Bossie n’est que le dernier fantôme du passé de Clinton à refaire surface dans l’arène politique. Auparavant, plusieurs des procès concernant l’usage de la boite mail privée de Hillary Clinton ont été lancés à l’initiative de Judicial Watch, un groupe conservateur fondé en 1994, en grande mesure pour débusquer des dossiers sur l’administration de Bill Clinton.

Judicial Watch, alors sous la direction du militant républicain controversé Larry Klayman, a saisi la justice sur le dossier Whitewater, ainsi qu’au sujet de la polémique autour du licenciement du personnel chargé des voyages de la Maison-Blanche – un des premiers scandales du mandat de la First Lady - et, bien sûr, au sujet de la mort de Vince Foster.

Aujourd’hui sous une nouvelle direction, Judicial Watch est reconnu par les journalistes et les groupes de vigilance citoyenne pour avoir mis Hillary Clinton face à ses responsabilités, à la fois concernant la sécurité de ses courriers électroniques et de potentiels conflits d’intérêt lorsqu’elle occupait le poste de secrétaire d’Etat.

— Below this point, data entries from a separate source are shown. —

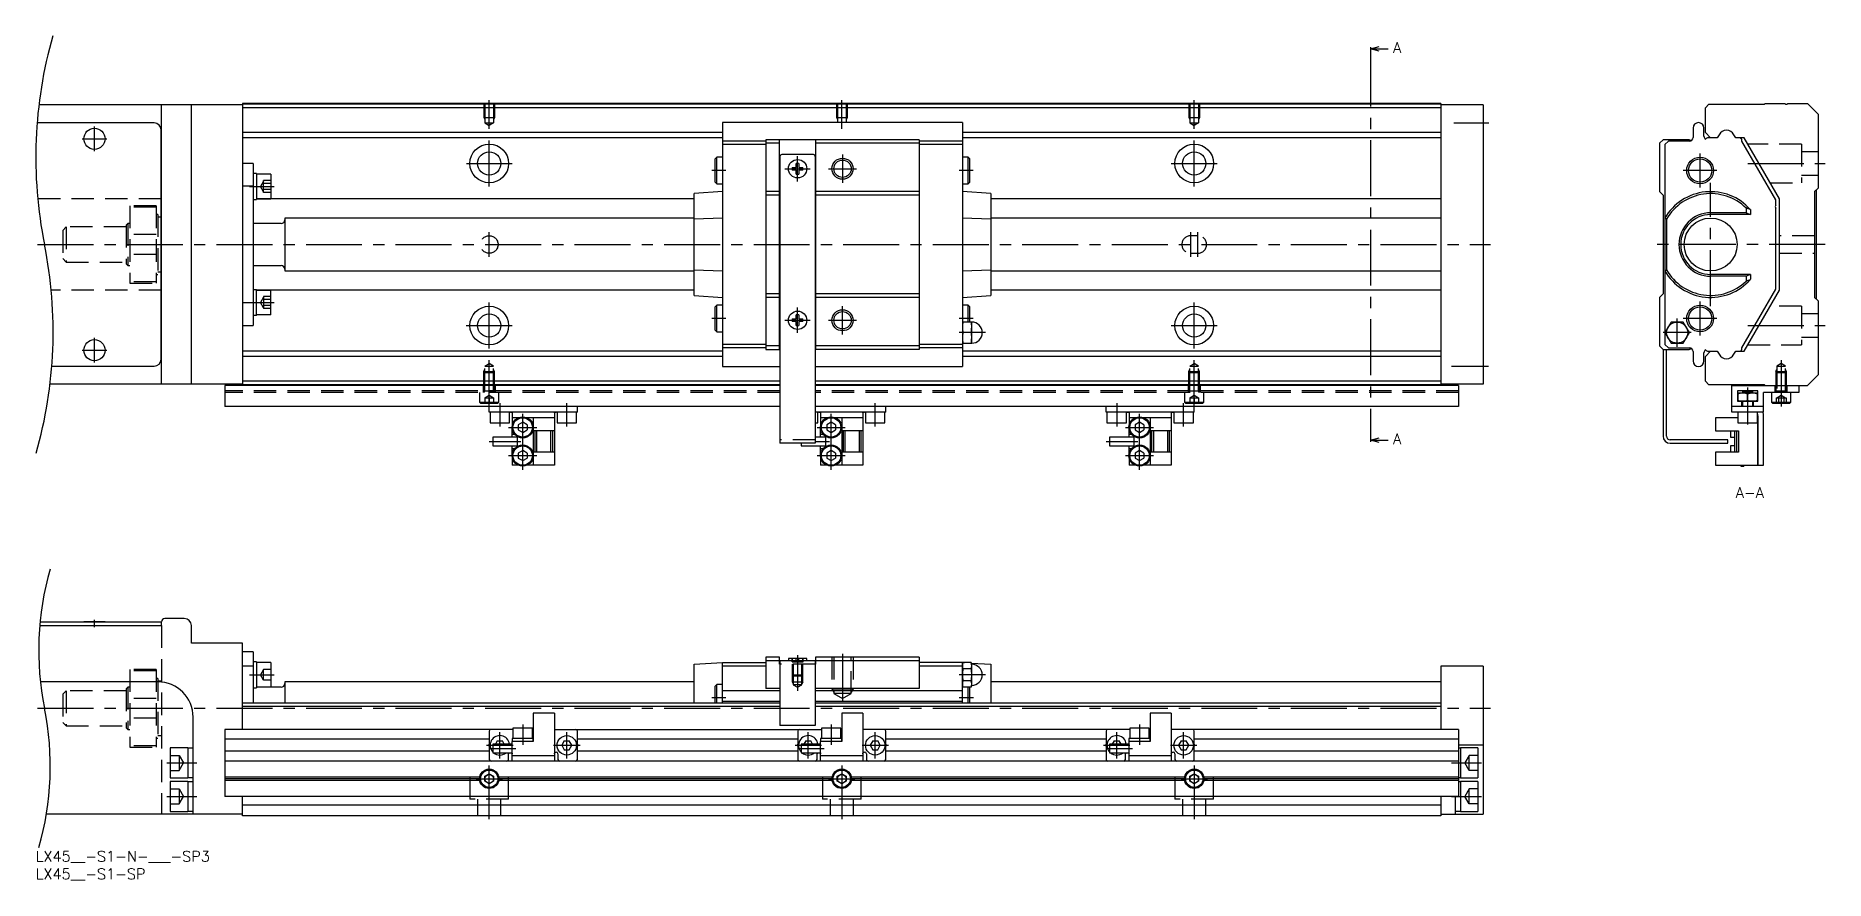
# Model space of a CAD drawing. Extents: x 0 to 508, y -8 to 231.
import ezdxf

# ---------------------------------------------------------------- set-up
doc = ezdxf.new("R2010")
doc.units = 0
doc.header["$LTSCALE"] = 0.5
doc.linetypes.add('CENTER', pattern=[50.8, 31.75, -6.35, 6.35, -6.35])
doc.linetypes.add('DASHED', pattern=[19.05, 12.7, -6.35])
for name, color, linetype in [('MSM_CENTER', 1, 'CENTER'), ('MSM_CONTINUOUS', 7, 'CONTINUOUS'), ('MSM_DASHED', 4, 'DASHED'), ('MSM_NARROW', 5, 'CONTINUOUS'), ('MSM_PART_NUMBER', 7, 'CONTINUOUS')]:
    doc.layers.add(name, color=color, linetype=linetype)
doc.styles.get("Standard").update_dxf_attribs({"font": 'txt.shx', "height": 3, "bigfont": 'bigfont.shx'})

# ---------------------------------------------------------------- blocks, each defined once
blk = doc.blocks.new('*U2')
at = {"layer": 'MSM_PART_NUMBER'}
blk.add_text('LX45__-S1-N-___-SP3', height=3, dxfattribs=at).set_placement((0, -3))
blk = doc.blocks.new('*U3')
at = {"layer": 'MSM_PART_NUMBER'}
blk.add_text('LX45__-S1-SP', height=3, dxfattribs=at).set_placement((0, -8))

msp = doc.modelspace()

# ---------------------------------------------------------------- linework, layer by layer
at = {"layer": 'MSM_CENTER'}
for p, q in [((378.64, 227.12), (378.64, 117.12)), ((128.64, 204.91), (128.64, 213.12)), ((228.64, 204.91), (228.64, 213.12)), ((328.64, 204.91), (328.64, 213.12)), ((16.64, 198.62), (16.64, 205.62)), ((402.32, 206.62), (412.26, 206.62)), ((13.14, 202.12), (20.14, 202.12)), ((128.64, 188.62), (128.64, 201.62)), ((328.64, 188.62), (328.64, 201.62)), ((122.15, 195.12), (135.14, 195.12)), ((195.76, 193.12), (191.77, 193.12)), ((212.51, 193.62), (219.71, 193.62)), ((216.11, 190.02), (216.11, 197.22)), ((224.86, 193.62), (232.86, 193.62)), ((228.86, 197.62), (228.86, 189.62)), ((265.97, 193.12), (261.94, 193.12)), ((322.14, 195.12), (335.14, 195.12)), ((476.94, 193.12), (467.34, 193.12)), ((472.14, 188.32), (472.14, 197.92)), ((485.67, 195.12), (507.64, 195.12)), ((60.64, 188.58), (67.64, 188.58)), ((475.14, 154.62), (475.14, 189.62)), ((128.64, 168.62), (128.64, 175.62)), ((327.64, 168.62), (327.64, 175.62)), ((329.64, 168.62), (329.64, 175.62)), ((0.46, 172.12), (412.64, 172.12)), ((507.64, 172.12), (459.64, 172.12)), ((60.64, 155.67), (67.64, 155.67)), ((128.64, 142.62), (128.64, 155.62)), ((216.11, 147.02), (216.11, 154.22)), ((228.86, 146.62), (228.86, 154.62)), ((328.64, 142.62), (328.64, 155.62)), ((472.14, 146.32), (472.14, 155.92)), ((122.14, 149.12), (135.14, 149.12)), ((195.76, 151.12), (191.77, 151.12)), ((212.51, 150.62), (219.71, 150.62)), ((224.86, 150.62), (232.86, 150.62)), ((265.97, 151.12), (261.94, 151.12)), ((322.14, 149.12), (335.14, 149.12)), ((465.64, 143.12), (465.64, 151.12)), ((476.94, 151.12), (467.34, 151.12)), ((485.67, 149.12), (507.64, 149.12)), ((16.64, 138.62), (16.64, 145.62)), ((269.45, 147.12), (261.97, 147.12)), ((469.64, 147.12), (461.64, 147.12)), ((13.14, 142.12), (20.14, 142.12)), ((128.64, 126.12), (128.64, 139.33)), ((328.64, 126.12), (328.64, 139.33)), ((401.64, 137.62), (412.14, 137.62)), ((495.14, 139.33), (495.14, 126.12)), ((131.64, 127.12), (131.64, 120.52)), ((150.64, 120.52), (150.64, 127.12)), ((238.14, 120.52), (238.14, 127.12)), ((306.64, 127.12), (306.64, 120.52)), ((325.64, 120.52), (325.64, 127.12)), ((485.64, 131.52), (485.64, 121.07)), ((138.13, 108.22), (138.13, 124.22)), ((225.63, 108.22), (225.63, 124.22)), ((313.13, 108.22), (313.13, 124.22)), ((134.13, 120.22), (142.13, 120.22)), ((221.63, 120.22), (229.63, 120.22)), ((309.13, 120.22), (317.13, 120.22)), ((128.64, 116.22), (137.64, 116.22)), ((134.13, 112.22), (142.13, 112.22)), ((221.11, 116.22), (225.14, 116.22)), ((221.63, 112.22), (229.63, 112.22)), ((303.64, 116.22), (312.64, 116.22)), ((309.13, 112.22), (317.13, 112.22)), ((16.64, 63.5), (16.64, 65.6)), ((228.86, 56), (228.86, 42.3)), ((216.11, 55.6), (216.11, 45.5)), ((60.64, 50), (67.64, 50)), ((269.45, 50), (261.97, 50)), ((195.76, 43.5), (191.77, 43.5)), ((266, 43.5), (261.97, 43.5)), ((0.46, 40.5), (412.64, 40.5)), ((138.13, 35.9), (138.13, 30.1)), ((225.63, 35.9), (225.63, 30.1)), ((313.13, 35.9), (313.13, 30.1)), ((131.64, 26.25), (131.64, 33.75)), ((150.64, 26.25), (150.64, 33.75)), ((219.14, 26.25), (219.14, 33.75)), ((238.14, 26.25), (238.14, 33.75)), ((306.64, 26.25), (306.64, 33.75)), ((325.64, 26.25), (325.64, 33.75)), ((127.89, 30), (135.39, 30)), ((128.64, 29.1), (136.14, 29.1)), ((146.89, 30), (154.39, 30)), ((215.39, 30), (222.89, 30)), ((216.14, 29.1), (223.64, 29.1)), ((234.39, 30), (241.89, 30)), ((302.89, 30), (310.39, 30)), ((303.64, 29.1), (311.14, 29.1)), ((321.89, 30), (329.39, 30)), ((37.14, 25), (45.64, 25)), ((124.89, 20.5), (132.39, 20.5)), ((128.64, 9), (128.64, 24.25)), ((224.89, 20.5), (232.39, 20.5)), ((228.64, 24.25), (228.64, 9)), ((324.89, 20.5), (332.39, 20.5)), ((328.64, 24.25), (328.64, 9)), ((401.64, 25), (410.14, 25)), ((37.14, 15.5), (45.64, 15.5)), ((401.64, 15.5), (410.14, 15.5))]:
    msp.add_line(p, q, dxfattribs=at)
at = {"layer": 'MSM_CONTINUOUS'}
for p, q in [((378.64, 227.62), (381.14, 228.29)), ((378.64, 228.12), (378.64, 227.12)), ((381.14, 226.95), (378.64, 227.62)), ((378.64, 227.62), (383.64, 227.62)), ((58.64, 211.72), (0.88, 211.72)), ((35.64, 132.52), (35.64, 211.72)), ((44.14, 132.52), (44.14, 211.72)), ((398.64, 212.12), (58.64, 212.12)), ((58.64, 212.12), (58.64, 132.12)), ((398.64, 211.92), (58.64, 211.92)), ((398.64, 210.92), (58.64, 210.92)), ((398.64, 212.12), (398.64, 132.12)), ((410.64, 211.72), (398.64, 211.72)), ((410.64, 211.72), (410.64, 132.52)), ((473.64, 210.92), (474.64, 211.92)), ((473.64, 203.87), (473.64, 210.92)), ((474.64, 211.92), (490.44, 211.92)), ((490.44, 211.92), (490.64, 212.12)), ((490.64, 212.12), (496.24, 212.12)), ((497.04, 212.12), (502.64, 212.12)), ((502.64, 212.12), (505.64, 209.12)), ((505.64, 209.12), (505.64, 188.12)), ((33.54, 206.62), (0.38, 206.62)), ((35.54, 139.62), (35.54, 204.62)), ((194.81, 203.87), (58.64, 203.87)), ((262.91, 206.72), (194.81, 206.72)), ((194.81, 206.72), (194.81, 137.52)), ((262.91, 206.72), (262.91, 137.52)), ((398.64, 203.87), (262.91, 203.87)), ((470.14, 205.17), (470.14, 202.47)), ((473.24, 202.87), (473.24, 205.17)), ((475.14, 202.37), (473.64, 203.87)), ((477.54, 203.27), (477.03, 202.37)), ((482.25, 202.37), (481.74, 203.27)), ((35.64, 202.22), (35.54, 202.22)), ((194.81, 202.37), (58.64, 202.37)), ((207.11, 201.47), (194.81, 201.47)), ((207.11, 200.47), (194.81, 200.47)), ((250.61, 201.87), (207.11, 201.87)), ((207.11, 201.87), (207.11, 142.37)), ((211.01, 200.87), (207.11, 200.87)), ((211.01, 142.37), (211.01, 201.87)), ((221.21, 201.87), (221.21, 142.37)), ((250.61, 200.87), (221.21, 200.87)), ((250.61, 201.87), (250.61, 142.37)), ((262.91, 201.47), (250.61, 201.47)), ((262.91, 200.47), (250.61, 200.47)), ((398.64, 202.37), (262.91, 202.37)), ((461.64, 201.87), (460.64, 200.87)), ((460.64, 200.87), (460.64, 187.12)), ((469.02, 201.87), (461.64, 201.87)), ((463.14, 201.47), (462.14, 200.47)), ((462.14, 200.47), (462.14, 143.77)), ((469.14, 201.47), (463.14, 201.47)), ((475.09, 202.42), (474.44, 202.42)), ((477.03, 202.37), (475.14, 202.37)), ((484.64, 202.37), (482.25, 202.37)), ((484.03, 201.42), (484.03, 201.62)), ((493.64, 184.79), (484.03, 201.42)), ((494.64, 185.05), (484.64, 202.37)), ((35.64, 197.72), (35.54, 197.72)), ((61.64, 195.12), (58.64, 195.12)), ((61.64, 195.12), (61.64, 149.12)), ((193.21, 196.92), (192.71, 196.42)), ((192.71, 189.82), (192.71, 196.42)), ((194.81, 196.92), (193.21, 196.92)), ((193.21, 189.32), (193.21, 196.92)), ((211.11, 197.12), (211.11, 115.72)), ((220.61, 197.62), (211.61, 197.62)), ((214.6, 193.99), (215.74, 193.99)), ((215.74, 193.25), (214.6, 193.25)), ((215.74, 193.99), (215.74, 195.13)), ((215.74, 192.12), (215.74, 193.25)), ((216.48, 195.13), (216.48, 193.99)), ((216.48, 193.99), (217.61, 193.99)), ((217.61, 193.25), (216.48, 193.25)), ((216.48, 193.25), (216.48, 192.12)), ((221.11, 197.12), (221.11, 115.72)), ((264.51, 196.92), (262.91, 196.92)), ((264.51, 189.32), (264.51, 196.92)), ((265.01, 196.42), (264.51, 196.92)), ((265.01, 189.82), (265.01, 196.42)), ((61.64, 188.65), (58.64, 188.65)), ((62.64, 192.23), (61.64, 192.23)), ((62.64, 192.23), (62.64, 184.93)), ((66.64, 192.08), (62.64, 192.08)), ((66.64, 192.08), (66.64, 185.08)), ((192.71, 189.82), (193.21, 189.32)), ((193.21, 189.32), (194.81, 189.32)), ((262.91, 189.32), (264.51, 189.32)), ((264.51, 189.32), (265.01, 189.82)), ((505.64, 188.12), (504.64, 187.12)), ((35.64, 185.12), (35.54, 185.12)), ((61.64, 184.93), (62.64, 184.93)), ((62.64, 185.08), (66.64, 185.08)), ((186.81, 185.05), (62.64, 185.05)), ((194.81, 187.12), (186.81, 186.57)), ((186.81, 157.68), (186.81, 186.57)), ((211.01, 187.12), (207.11, 187.12)), ((211.01, 186.12), (207.11, 186.12)), ((250.61, 187.12), (221.21, 187.12)), ((250.61, 186.12), (221.21, 186.12)), ((270.91, 186.57), (262.91, 187.12)), ((270.91, 186.57), (270.91, 157.68)), ((398.64, 185.05), (270.91, 185.05)), ((460.64, 187.12), (461.64, 186.12)), ((461.64, 186.12), (461.64, 158.12)), ((493.64, 183.27), (493.64, 184.79)), ((494.64, 159.2), (494.64, 185.05)), ((504.64, 187.12), (504.64, 157.12)), ((505.14, 156.62), (505.14, 187.62)), ((35.64, 179.87), (35.54, 179.87)), ((69.64, 178.12), (61.64, 178.12)), ((70.64, 179.62), (70.64, 164.62)), ((186.81, 179.62), (70.64, 179.62)), ((194.81, 179.61), (186.81, 179.36)), ((270.91, 179.36), (262.91, 179.61)), ((398.64, 179.62), (270.91, 179.62)), ((462.64, 179.36), (462.14, 179.61)), ((462.64, 179.36), (462.64, 164.89)), ((485.2, 181.12), (475.14, 181.12)), ((486.42, 180.62), (475.14, 180.62)), ((485.2, 182.49), (485.2, 181.12)), ((485.2, 181.12), (486.42, 180.62)), ((486.42, 182.01), (486.42, 180.62)), ((493.64, 159.46), (493.64, 182.47)), ((35.54, 164.37), (35.64, 164.37)), ((61.64, 166.12), (69.64, 166.12)), ((70.64, 164.62), (186.81, 164.62)), ((186.81, 164.89), (194.81, 164.64)), ((262.91, 164.64), (270.91, 164.89)), ((270.91, 164.62), (398.64, 164.62)), ((462.14, 164.64), (462.64, 164.89)), ((486.42, 163.62), (475.14, 163.62)), ((485.2, 163.12), (475.14, 163.12)), ((486.42, 163.62), (485.2, 163.12)), ((485.2, 163.12), (485.2, 161.76)), ((486.42, 163.62), (486.42, 162.24)), ((35.64, 159.12), (35.54, 159.12)), ((61.64, 159.32), (62.64, 159.32)), ((62.64, 152.02), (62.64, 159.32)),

Mais l’équipe de campagne de Hillary Clinton a la mémoire longue et a réagi en rangeant directement Judicial Watch dans le camp autrefois occupé par David Bossie et sa troupe d'inquisiteurs.

"Judicial Watch représente tout ce qui ne tourne pas rond dans notre système politique",expliquait en juin le porte-parole de Clinton, Nick Merrill, au Daily Beast."La fabrication de preuves de corruption est au centre de leur agenda politique singulier depuis leur lancement… Ils ne s’intéressent qu’aux gros titres, et ont fait de notre système politique une farce ridicule".

Et David Bossie ?

"Il a voué toute sa carrière à tenter de démolir Hillary Clinton" a commenté John Podesta, le directeur de campagne de Clinton, dans un communiqué : "Depuis maintenant des mois, Citizens United fait office de bras armé de la campagne de Trump, et le recrutement de Bossie ne fait qu’officialiser la situation. C’est simplement le dernier signe en date que Trump a placé aux commandes de sa campagne les éléments de la frange la plus extrême de la droite".